According to the 17-year experience of one poison center department, high-dose insulin is a feasible, effective treatment for beta-blocker and calcium-channel blocker poisoning,
"While we believe most emergency physicians have heard of the use of high-dose insulin, most of the published human literature is case reports or small case series predominantly from toxicology specialty centers,” Dr. Jon B. Cole reported.“We published our work to show that it is feasible for emergency physicians to use high-dose insulin in a variety of practice environments.”
Cardiovascular drugs were the second-leading cause of poisoning deaths reported to the National Poison Data System in 2016. High-dose insulin is a standard therapy for poisoning from both beta-blockers and calcium channel-blockers after basic supportive care, such as intravenous fluids and calcium salts, has failed.
Dr. Cole's team report their experience between 2000 and 2016 with 199 patients who presented with beta-blocker and/or calcium channel-blocker poisoning and received high-dose insulin (HDI) infusion (0.5 U/kg/hour or more) as treatment.
Eighty-eight patients (44%) were poisoned by beta-blockers, 66 (33%) by calcium-channel blockers, and 45 (23%) by both, according to the online report in the American Journal of Emergency Medicine.
The median bolus dose of insulin was 50 U, the median initial infusion rate was 1 U/kg/hour, and the median peak infusion rate was 8 U/kg/hour. The median number of days on HDI was 2.

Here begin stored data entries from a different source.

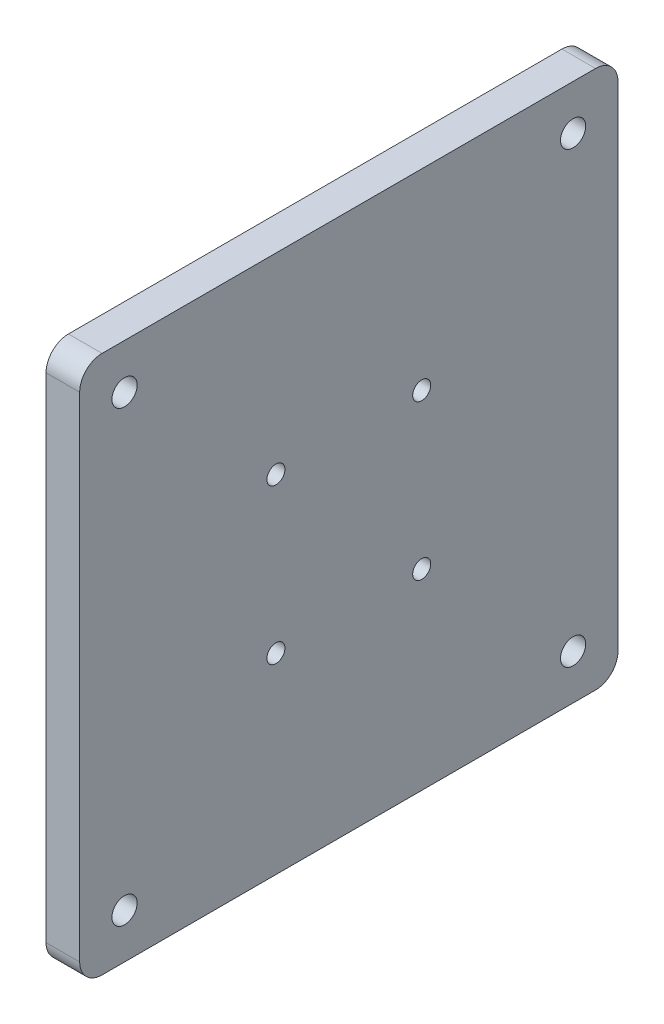
SolidWorks part; units mm, degrees
ref_plane "Front Plane" through (0, 0, 0) normal (0, 0, 1) x (1, 0, 0)
ref_plane "Top Plane" through (0, 0, 0) normal (0, 1, 0) x (1, 0, 0)
ref_plane "Right Plane" through (0, 0, 0) normal (1, 0, 0) x (0, 0, -1)
sketch "Sketch1" plane through (0, 0, 0) normal (1, 0, 0) x (0, 0, -1)
  line L1 (-76.2, -76.2) -> (76.2, -76.2)
  line L2 (-76.2, -76.2) -> (-76.2, 76.2)
  line L3 (-76.2, 76.2) -> (76.2, 76.2)
  line L4 (76.2, -76.2) -> (76.2, 76.2)
  line L5 (-76.2, -76.2) -> (76.2, 76.2) construction
  line L6 (-76.2, 76.2) -> (76.2, -76.2) construction
  point P0 (0, 0)
  point P5 (0, 0)
  dimension "D1" = 152.4
  dimension "D2" = 152.4
extrude "Boss-Extrude1" add sketch "Sketch1" along normal blind 9.525
hole_wizard "1/4-20 Tapped Hole1" positions "Sketch2" profile "Sketch3" tap size "1/4-20" standard "ANSI Inch" end condition through all
sketch "Sketch2" plane through (9.525, 0, 0) normal (1, 0, 0) x (0, 0, -1)
  line L1 (-20.6375, -21.9075) -> (20.6375, -21.9075) construction
  line L2 (-20.6375, -21.9075) -> (-20.6375, 21.9075) construction
  line L3 (-20.6375, 21.9075) -> (20.6375, 21.9075) construction
  line L4 (20.6375, -21.9075) -> (20.6375, 21.9075) construction
  line L5 (-20.6375, -21.9075) -> (20.6375, 21.9075) construction
  line L6 (-20.6375, 21.9075) -> (20.6375, -21.9075) construction
  point P0 (-20.6375, 21.9075)
  point P58 (20.6375, 21.9075)
  point P61 (20.6375, -21.9075)
  point P64 (-20.6375, -21.9075)
  dimension "D1" = 43.815
  dimension "D2" = 41.275
cosmetic thread "Hole Thread1" parameters "D2"=6.35
cosmetic thread "Hole Thread2" parameters "D2"=6.35
cosmetic thread "Hole Thread3" parameters "D2"=6.35
cosmetic thread "Hole Thread4" parameters "D2"=6.35
sketch "Sketch3" plane through (9.525, 21.9075, 20.6375) normal (0, 1, 0) x (0, 0, -1)
  line L0 (0, 0) -> (0, 9.525)
  line L1 (0, 9.525) -> (2.5527, 9.525)
  line L2 (2.5527, 9.525) -> (2.5527, 0)
  line L5 (2.5527, 0) -> (0, 0)
  line L11 (0, -6.35) -> (0, 107.95) construction
  dimension "Thru Tap Drill Dia." = 5.1054
  dimension "Thru Tap Drill Depth" = 9.525
sketch "Sketch4" plane through (9.525, 0, 0) normal (1, 0, 0) x (0, 0, -1)
  line L5 (19.05, 29.972) -> (19.05, 76.2) construction
  line L6 (76.2, 76.2) -> (-76.2, 76.2) construction
  line L7 (0, -76.2) -> (0, 76.2) construction
  line L8 (-29.972, 29.972) -> (29.972, 29.972) construction
  line L9 (-29.972, 29.972) -> (-29.972, -29.972) construction
  line L10 (-29.972, -29.972) -> (29.972, -29.972) construction
  line L11 (29.972, 29.972) -> (29.972, -29.972) construction
  line L12 (-29.972, 29.972) -> (29.972, -29.972) construction
  line L13 (-29.972, -29.972) -> (29.972, 29.972) construction
  line L14 (-76.2, -76.2) -> (76.2, -76.2) construction
  line L15 (-76.2, 0) -> (76.2, 0) construction
  line L16 (15.875, 49.022) -> (22.225, 49.022) construction
  line L17 (15.875, 49.022) -> (15.875, 35.052)
  line L18 (15.875, 35.052) -> (22.225, 35.052) construction
  line L19 (22.225, 49.022) -> (22.225, 35.052)
  line L20 (15.875, 49.022) -> (22.225, 35.052) construction
  line L21 (15.875, 35.052) -> (22.225, 49.022) construction
  line L22 (-76.2, 76.2) -> (-76.2, -76.2) construction
  line L23 (76.2, -76.2) -> (76.2, 76.2) construction
  line L24 (-15.875, 35.052) -> (-22.225, 49.022) construction
  line L25 (-15.875, 49.022) -> (-22.225, 35.052) construction
  line L26 (-15.875, 35.052) -> (-22.225, 35.052) construction
  line L27 (-15.875, 49.022) -> (-22.225, 49.022) construction
  line L28 (-22.225, 49.022) -> (-22.225, 35.052)
  line L29 (-15.875, 49.022) -> (-15.875, 35.052)
  line L30 (-15.875, -49.022) -> (-22.225, -49.022) construction
  line L31 (-15.875, -35.052) -> (-22.225, -35.052) construction
  line L32 (-15.875, -49.022) -> (-22.225, -35.052) construction
  line L33 (-15.875, -35.052) -> (-22.225, -49.022) construction
  line L34 (15.875, -35.052) -> (22.225, -49.022) construction
  line L35 (15.875, -49.022) -> (22.225, -35.052) construction
  line L36 (15.875, -35.052) -> (22.225, -35.052) construction
  line L37 (15.875, -49.022) -> (22.225, -49.022) construction
  line L38 (-15.875, -49.022) -> (-15.875, -35.052)
  line L39 (-22.225, -49.022) -> (-22.225, -35.052)
  line L40 (22.225, -49.022) -> (22.225, -35.052)
  line L41 (15.875, -49.022) -> (15.875, -35.052)
  line L42 (11.0908, 31.877) -> (29.972, 31.877) construction
  arc A0 (15.875, 49.022) -> (22.225, 49.022) centre (19.05, 49.022) cw
  arc A1 (22.225, 35.052) -> (15.875, 35.052) centre (19.05, 35.052) cw
  arc A2 (-22.225, 35.052) -> (-15.875, 35.052) centre (-19.05, 35.052) ccw
  arc A3 (-15.875, 49.022) -> (-22.225, 49.022) centre (-19.05, 49.022) ccw
  arc A4 (-15.875, -49.022) -> (-22.225, -49.022) centre (-19.05, -49.022) cw
  arc A5 (-22.225, -35.052) -> (-15.875, -35.052) centre (-19.05, -35.052) cw
  arc A6 (22.225, -35.052) -> (15.875, -35.052) centre (19.05, -35.052) ccw
  arc A7 (15.875, -49.022) -> (22.225, -49.022) centre (19.05, -49.022) ccw
  point P7 (0, 0)
  point P13 (19.05, 42.037)
  point P33 (-19.05, 42.037)
  point P46 (-19.05, -42.037)
  point P47 (19.05, -42.037)
  dimension "D4" = 19.05
  dimension "D1" = 13.97
  dimension "D2" = 59.944
  dimension "D3" = 6.35
  dimension "D5" = 1.905
ref_axis "Axis1" through (0, 0, 0) along (1, 0, 0)
fillet "Fillet1" radius 6.35 4 edges at (4.7625, -76.2, 76.2) (4.7625, -76.2, -76.2) (4.7625, 76.2, -76.2) (4.7625, 76.2, 76.2)
hole_wizard "1/4 Clearance Hole1" positions "Sketch5" profile "Sketch6" hole size "1/4" standard "ANSI Inch" end condition through all
sketch "Sketch5" plane through (9.525, 0, 0) normal (1, 0, 0) x (0, 0, -1)
  line L0 (-76.2, 69.85) -> (-76.2, -69.85) construction
  line L1 (69.85, 76.2) -> (-69.85, 76.2) construction
  line L2 (-76.2, 0) -> (76.2, 0) construction
  line L4 (0, -76.2) -> (0, 76.2) construction
  point P0 (-63.5, 63.5)
  point P17 (63.5, 63.5)
  point P18 (63.5, -63.5)
  point P19 (-63.5, -63.5)
  dimension "D1" = 12.7
  dimension "D2" = 12.7
sketch "Sketch6" plane through (9.525, 63.5, 63.5) normal (0, 1, 0) x (0, 0, -1)
  line L0 (0, 0) -> (0, 9.525)
  line L1 (0, 9.525) -> (3.5712, 9.525)
  line L2 (3.5712, 9.525) -> (3.5712, 0)
  line L5 (3.5712, 0) -> (0, 0)
  line L11 (0, -6.35) -> (0, 107.95) construction
  dimension "Thru Hole Dia." = 7.1425
  dimension "Thru Hole Depth" = 9.525

Common metabolic events included hypokalemia (29%) and hypoglycemia (32%). Hypoglycemia was easily treatable and occurred less frequently when more-concentrated maintenance dextrose infusions were used.
Forty-one patients (21%) experienced a cardiac arrest at some point in their care, and 31 of them died. The report includes a detailed treatment algorithm used by this center.
“High-dose insulin is an effective treatment for shock caused by beta-blockers and calcium-channel blockers and can be safely used in the ED by emergency physicians, as well as physicians practicing critical care,” Dr. Cole said. “Consultation with a poison center or medical toxicologist is advised to properly titrate the insulin and monitor for complications.”
“When utilizing high-dose insulin, it is critical the physician actively manage and monitor for the metabolic and fluid-related complications of high-dose insulin,” he said.
“Concentrating drips early (dextrose infusions to D50 or higher, insulin infusion to 10 U/kg/hour or higher) is imperative to minimize volume overload. Frequent monitoring of glucose and electrolytes is also critical to avoid hypoglycemia or hypokalemia until the patient has stabilized.”
Dr. Cole added, “If the physician is equivocating on high-dose insulin versus another treatment, such as a vasopressor, the physician should assess for myocardial dysfunction, for example, by utilizing bedside echocardiography. If contractility is globally reduced, the physician should start high-dose insulin.”
Dr. Colin B. Page from Clinical Toxicology Research Group has reported on the use of high-dose insulin euglycemia (HIE) management of toxin-induced cardiac toxicity, including that associated with beta-blocker overdose.
He reported, "Although I have used HIE, the main problem is getting ED doctors to set it up. Even in ICU, it is practically challenging, and, of course, those who don’t know about it question the doses of insulin used.”
“A protocol should reduce complications, and the complications have no adverse effects,” he said. “Using HIE is easier in tox units versus hospitals that don’t have a tox unit or good access to a toxicologist.”